A consent by the infants, or on their behalf, is not authorized by statute. A release or quit-claim by a general guardian acting under the authority of the order of the county court is of no effect, and if such person be not general or special guardian there is even no consent.
The consent to relinquish or abandon the land for a specified sum was not in the nature of a sale to the city, but the statute which authorizes a court to direct the sale, mortgage or lease of infants’ lands was in no respect complied with.
It follows that without a lawful consent, the title taken by the city of Brooklyn was invalid, • and that the grantees by conveyance from the city have no adequate title to the lands (Embury v. Conner, 3 N. Y. [3 Comst.], 511).
It appears that the Steinworths have been in continued possession of the property notwithstanding the proceedings in their names, and that neither the plaintiff nor any of'his grantors has been at any time in possession of the disputed property.
The plaintiff’s counsel claims that the city acquired a valid title, because the act under which proceedings Were had, declares (section 3), that upon confirmation of the report, and payment or tender of the amount at which the residue is estimated, the same shall vest in the city in fee simple.

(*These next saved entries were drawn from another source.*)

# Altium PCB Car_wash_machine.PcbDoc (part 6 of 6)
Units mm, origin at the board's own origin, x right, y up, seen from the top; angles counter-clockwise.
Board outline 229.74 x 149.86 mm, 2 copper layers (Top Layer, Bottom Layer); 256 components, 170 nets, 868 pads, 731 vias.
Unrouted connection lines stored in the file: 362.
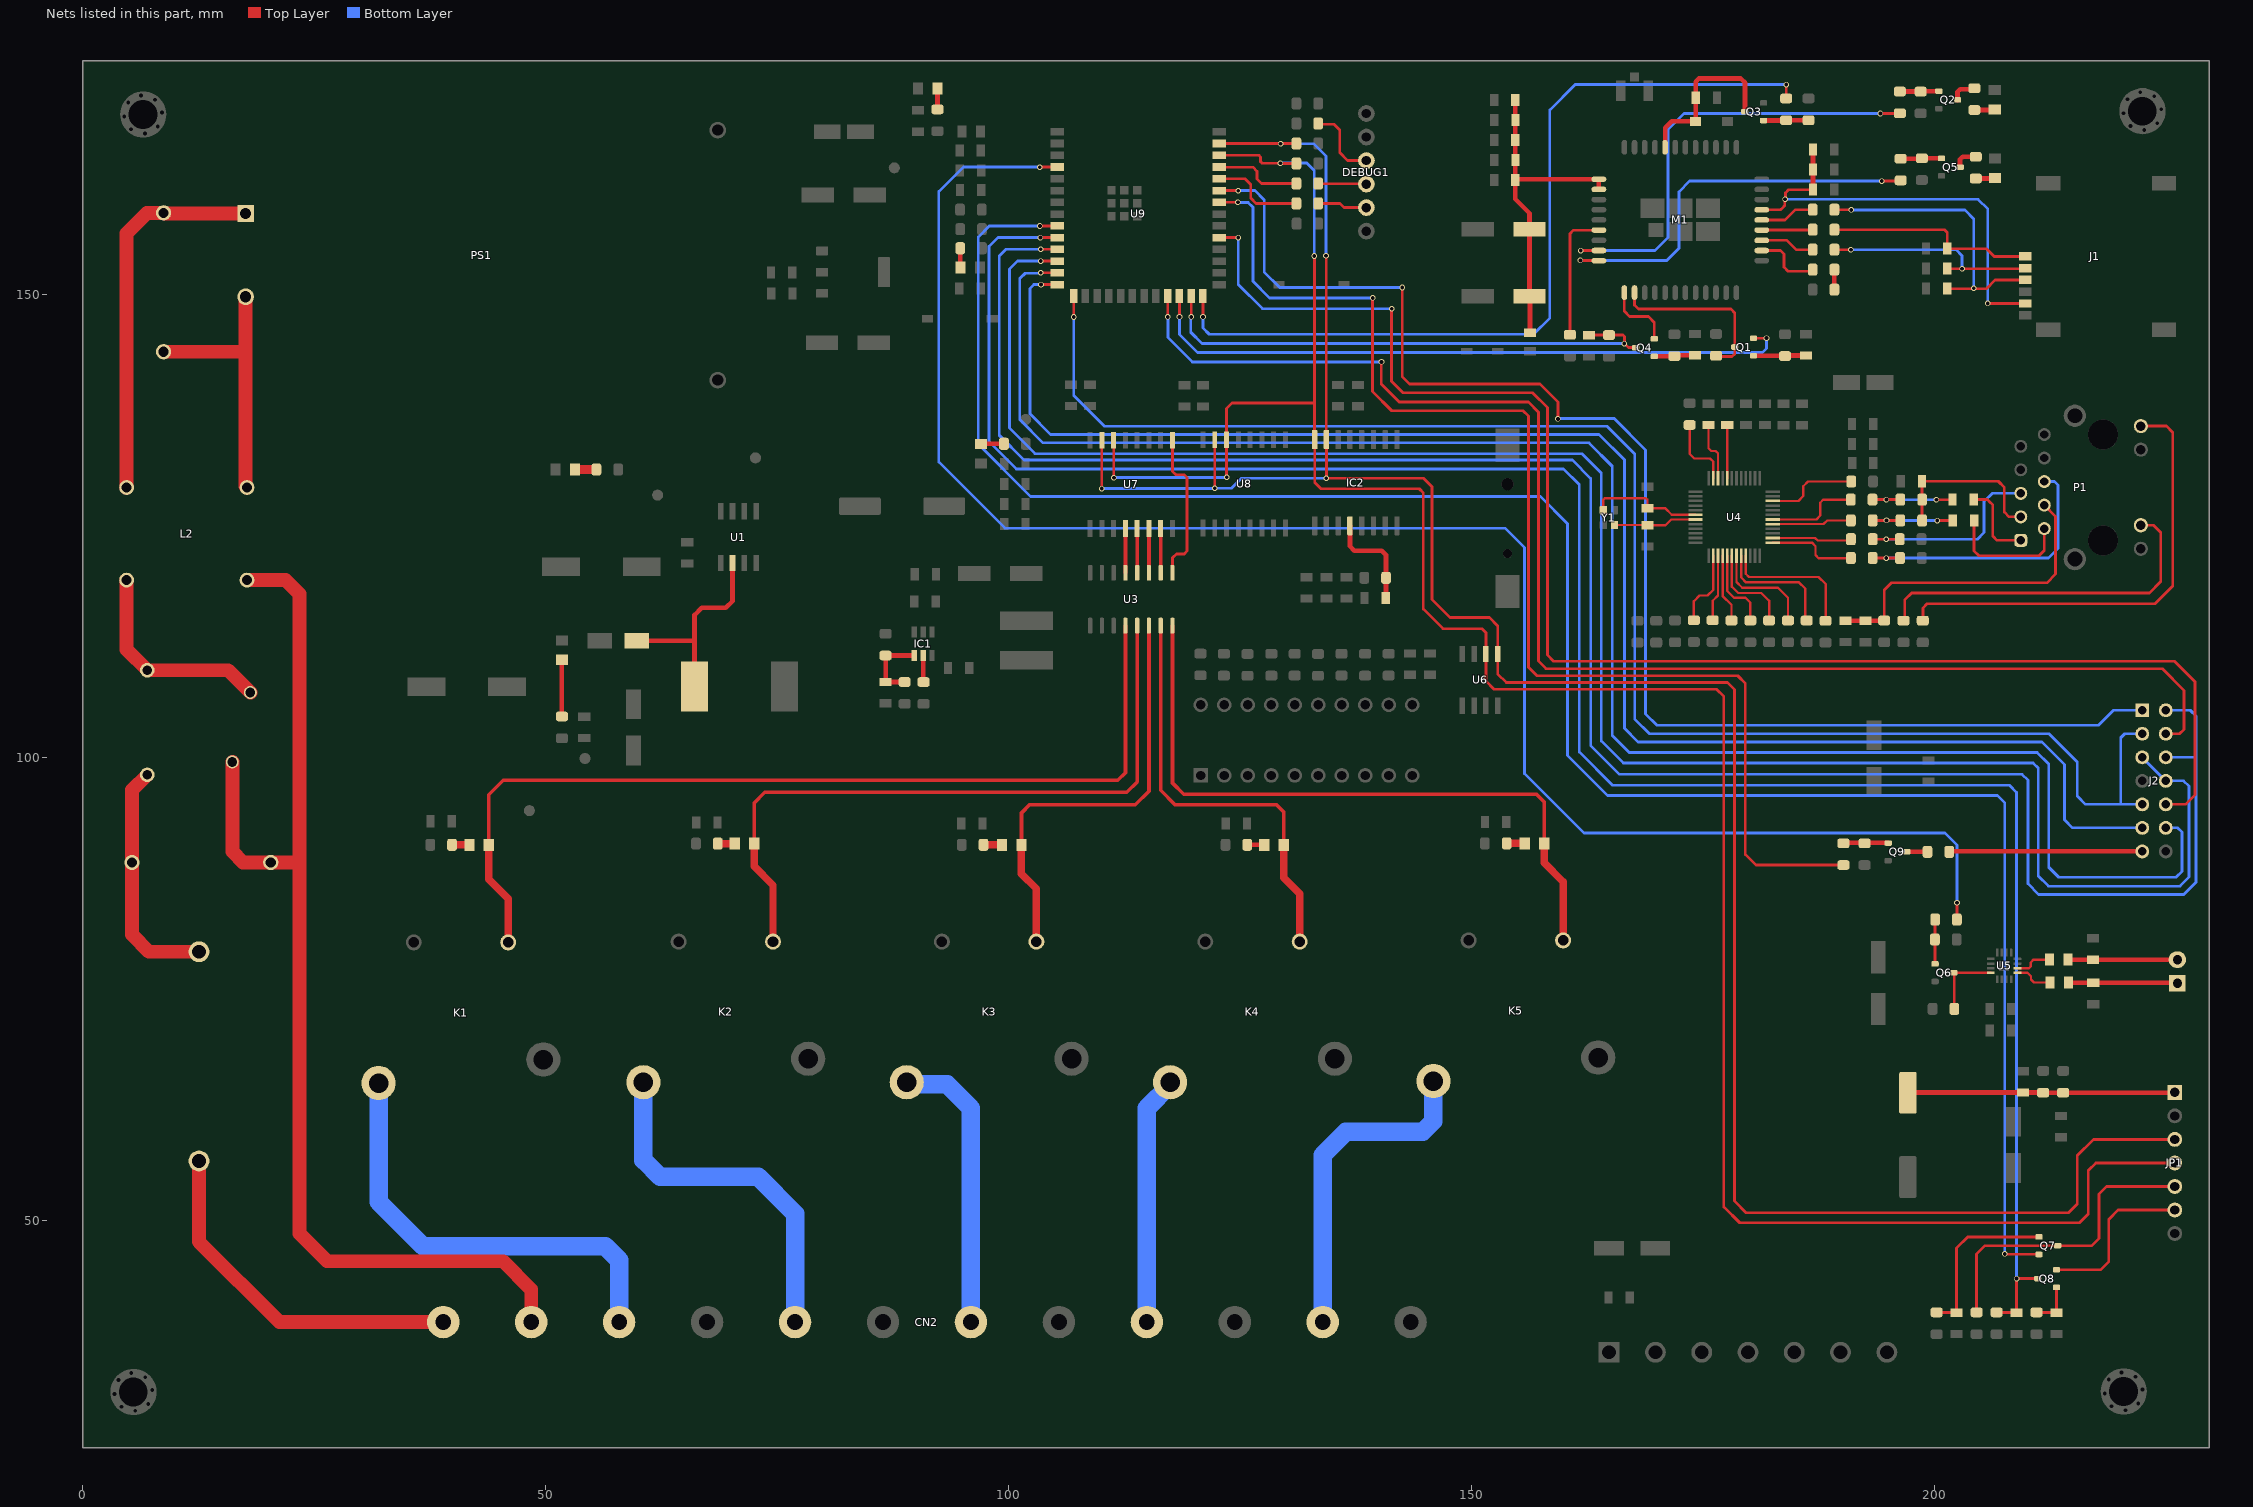
[diagram p3: the nets of this part, all layers, seen from the top]

## Via types
v1: diameter 0.6, hole 0.4, Top Layer to Bottom Layer, tented both sides, 730 vias
v2: diameter 0.6/0.6 (per signal layer), hole 0.4, Top Layer to Bottom Layer, tented both sides, 1 vias

## Nets (pads, with @x,y where several pads share a name; then routed paths per layer and width w, separated by ;. In a path a pad name is that pad's centre, name@x,y a point inside that pad or via, vN(x,y) a via of type N, cw(c..) or ccw(c..) an arc to the next point about the centre after c; other vN are vias at no path point) (continued)
NetC6_2: C6.2 IC1.4 R5.1 R7.2 | length 8
  Top Layer w0.5: C6.2@86.741,108.135 R5.1@88.798,108.134 ; C6.2@86.776,108.169 86.741,108.204 R7.2@86.741,110.991 86.752,111.002 89.844,111.002 IC1.4@89.855,111.013
NetC16_2: C16.2 C17.2 C18.2 C19.2 C20.2 EC4.1 EC5.1 L4.1 M1.34 M1.35 | length 35.9
  Top Layer w0.5: C16.2@154.775,171.018 154.778,171.015 154.778,168.863 C17.2@154.782,168.859 154.778,168.856 154.778,166.704 C18.2@154.775,166.7 154.778,166.697 154.778,164.545 C19.2@154.782,164.541 154.778,164.538 154.778,162.468 C20.2@154.82,162.427 ; L4.1@156.35,145.856 156.35,149.758 EC4.1@156.299,149.809 EC5.1@156.299,157.048 156.299,158.788 154.775,160.312 C20.2@154.775,162.382 C20.2@154.82,162.427 ; M1.35@163.793,161.346 M1.34@163.793,162.446 163.774,162.427 C20.2@154.82,162.427
NetC21_2: C21.2 Q1.1 R14.1 | length 5.7
  Top Layer w0.5: Q1.1@180.492,143.37 R14.1@183.871,143.37 ; R14.1@183.896,143.345 183.959,143.408 C21.2@186.144,143.408
NetC22_1: C22.1 C23.2 C24.2 J1.C1 M1.18 | length 48.1
  Top Layer w0.3: M1.18@181.393,159.146 183.429,159.146 183.629,159.347 183.864,159.581 183.864,160.229 183.966,160.331 183.966,160.979 184.302,161.315 C22.1@186.919,161.315 ; v1@205.803,149.022 v1(205.812,149.03) J1.C1@209.832,149.03
  Top Layer w0.5: C22.1@186.919,161.315 C23.2@186.919,163.474 C24.2@186.919,165.633
  Bottom Layer w0.3: v1(183.909,160.274) 204.753,160.274 205.812,159.215 v1(205.812,149.03)
NetC25_2: C25.2 C34.1 P1.4 R22.2 | length 34.7
  Top Layer w0.3: R22.2@194.615,114.776 194.615,118.085 195.377,118.847 212.192,118.847 213.131,119.786 213.131,126.023 P1.4@211.909,127.246
  Top Layer w0.5: C34.1@190.43,114.751 192.576,114.751 C25.2@192.583,114.745 192.599,114.76 194.599,114.76 R22.2@194.615,114.776 ; C34.1@190.475,114.757 C34.1@190.481,114.751
NetC26_2: C26.2 U4.20 | length 5.8
  Top Layer w0.25: U4.20@177.66,130.135 C26.2@177.66,135.903
NetC27_2: C27.2 U4.22 | length 6.5
  Top Layer w0.25: C27.2@175.628,135.903 175.628,133.388 175.92,133.096 176.403,133.096 176.661,132.838 U4.22@176.661,130.123
NetC28_1: C28.1 P1.1 | length 8.9
  Top Layer w0.3: C28.1@204.299,127.838 205.767,127.838 205.943,127.662 205.943,127.66 206.35,127.254 206.35,123.876 206.79,123.436 P1.1@209.369,123.436
NetC29_1: C29.1 P1.2 | length 13.7
  Top Layer w0.3: C29.1@204.325,125.603 204.325,122.294 204.851,121.768 211.353,121.768 211.909,122.323 P1.2@211.909,124.706
NetC30_1: C30.1 J1.C7 R33.1 | length 23.9
  Top Layer w0.3: R33.1@189.237,154.838 v1(191.021,154.838) ; C30.1@201.423,152.779 201.434,152.768 209.76,152.768 J1.C7@209.771,152.779
  Top Layer w0.5: J1.C7@209.771,152.779 J1.C7@209.832,152.84
  Bottom Layer w0.3: v1(191.021,154.838) 202.362,154.838 203.022,154.178 v1@203.022,152.771
  other v1: 203.022,152.768
NetC31_1: C31.1 J1.C3 R29.1 | length 22.8
  Top Layer w0.3: R29.1@189.237,156.997 201.105,156.997 201.423,156.679 C31.1@201.423,154.938 205.678,154.938 206.507,154.11 J1.C3@209.832,154.11
NetC32_1: C32.1 J1.C2 R25.1 | length 31.8
  Top Layer w0.3: R25.1@189.237,159.156 189.249,159.144 191.046,159.144 v1(191.059,159.131) ; C32.1@201.423,150.62 205.649,150.62 206.599,151.57 J1.C2@209.832,151.57
  Bottom Layer w0.3: v1(191.059,159.131) 203.327,159.131 204.292,158.166 v1(204.292,150.66)
NetC33_1: C33.1 P1.3 R39.2 R40.2 | length 18.1
  Top Layer w0.3: R40.2@198.705,125.59 198.708,125.593 198.708,127.835 R39.2@198.711,127.838 198.711,129.813 C33.1@198.704,129.819 206.934,129.819 207.594,129.159 207.594,126.492 208.111,125.976 P1.3@209.369,125.976
NetC35_2: C35.2 Q4.1 R41.1 | length 4.4
  Top Layer w0.5: Q4.1@169.78,143.309 R41.1@171.916,143.309 ; R41.1@171.931,143.324 172.034,143.427 C35.2@174.18,143.427
NetC37_1: C37.1 D8.2 M1.29 Q3.3 | length 18.8
  Top Layer w0.5: M1.29@170.943,165.896 170.943,167.997 171.657,168.711 174.25,168.711 C37.1@174.25,171.247 174.25,172.98 174.6,173.33 179.121,173.33 179.584,172.866 Q3.3@179.584,169.736
NetC61_1: C61.1 CN1.1 L6.2 | length 11.8
  Top Layer w0.5: L6.2@214.538,75.692 214.563,75.667 217.17,75.667 C61.1@217.195,75.641 226.25,75.641 CN1.1@226.289,75.603
NetC62_1: C62.1 CN1.2 L5.2 | length 11.8
  Top Layer w0.5: L5.2@214.462,78.143 C62.1@217.145,78.143 CN1.2@226.289,78.143
NetC67_2: C67.2 Q7.1 R63.1 | length 18.5
  Top Layer w0.3: R63.1@200.279,40.037 202.413,40.037 C67.2@202.438,40.012 202.438,46.99 203.642,48.194 Q7.1@211.334,48.194
NetC70_2: C70.2 IC2.4 R66.1 | length 11.1
  Top Layer w0.5: IC2.4@136.906,125.012 136.906,122.809 137.389,122.326 140.335,122.326 140.791,121.87 140.791,117.246 C70.2@140.779,117.234
NetC71_2: C71.2 Q8.1 R67.1 | length 4.9
  Top Layer w0.3: R67.1@211.074,40.037 213.208,40.037 C71.2@213.227,40.018 ; Q8.1@213.227,42.738 C71.2@213.227,40.018 ; C71.2@213.233,40.012 C71.2@213.227,40.018
NetCF1_1: CF1.1 CN2.2 L2.3 MOV1.1 | length 123.9
  Top Layer w1.5: MOV1.1@16.172,99.501 16.172,89.818 17.344,88.646 CF1.1@20.327,88.646 23.406,88.646 23.419,88.659 ; L2.3@17.752,119.142 21.916,119.142 23.419,117.64 23.419,88.659 ; CN2.2@48.462,38.989 48.462,42.533 45.428,45.568 26.416,45.568 23.419,48.565 23.419,88.659
NetCF1_2: CF1.2 F1.2 GDT1.A | length 26
  Top Layer w1.5: GDT1.A@6.985,98.109 5.327,96.451 CF1.2@5.327,88.646 5.327,80.843 7.178,78.991 F1.2@12.573,78.991
NetCF2_1: CF2.1 L2.2 PS1.2 | length 29.7
  Top Layer w1.5: CF2.1@8.75,143.813 17.172,143.813 17.612,143.373 ; PS1.2@17.612,149.746 17.612,143.373 ; L2.2@17.752,129.143 17.752,129.17 17.612,129.31 17.612,143.373
NetCF2_2: CF2.2 L2.1 PS1.1 | length 41.2
  Top Layer w1.5: L2.1@4.752,129.143 4.752,156.606 6.96,158.814 CF2.2@8.75,158.814 ; CF2.2@8.818,158.746 PS1.1@17.612,158.746
NetCN2_1: CN2.1 F1.1 | length 38.7
  Top Layer w1.5: F1.1@12.573,56.391 12.573,47.663 21.247,38.989 CN2.1@38.962,38.989
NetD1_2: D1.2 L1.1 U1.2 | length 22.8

This would undoubtedly be so if the persons by whose act or consent the city took the lot, had capacity or authority to give the . consent; but I am of opinion, founded upon the statute, that such capacity or authority did not exist.
The Revised Statutes (1 Rev. Stat., 729, §10, p. 126, vol. 2 of the Fourth Edition), provide that every person capable of holding lands except idiots, persons of unsound mind and infants, may alien the estate, &c. Article 7, ch. 1, part 3 (2 Rev. Stat., 194, 2 Edm., p. 359), entitled “ of proceedings in relation to the conveyance of lands by infants, and the sale and disposition of their estates,” provides the manner in which such sale or disposition may be made ; and the authorities heretofore .quoted determine that these proceedings must be followed to alienate an infant’s estate.
And as these proceedings were not taken in any respect, the case at bar does not present a question of irregularity in the proceedings, but of the total want of valid proceedings.
The judgment should be reversed, and new trial ordered, costs to abide event.
Order accordingly.
Present, Barnard, P. J., and Tappen, J.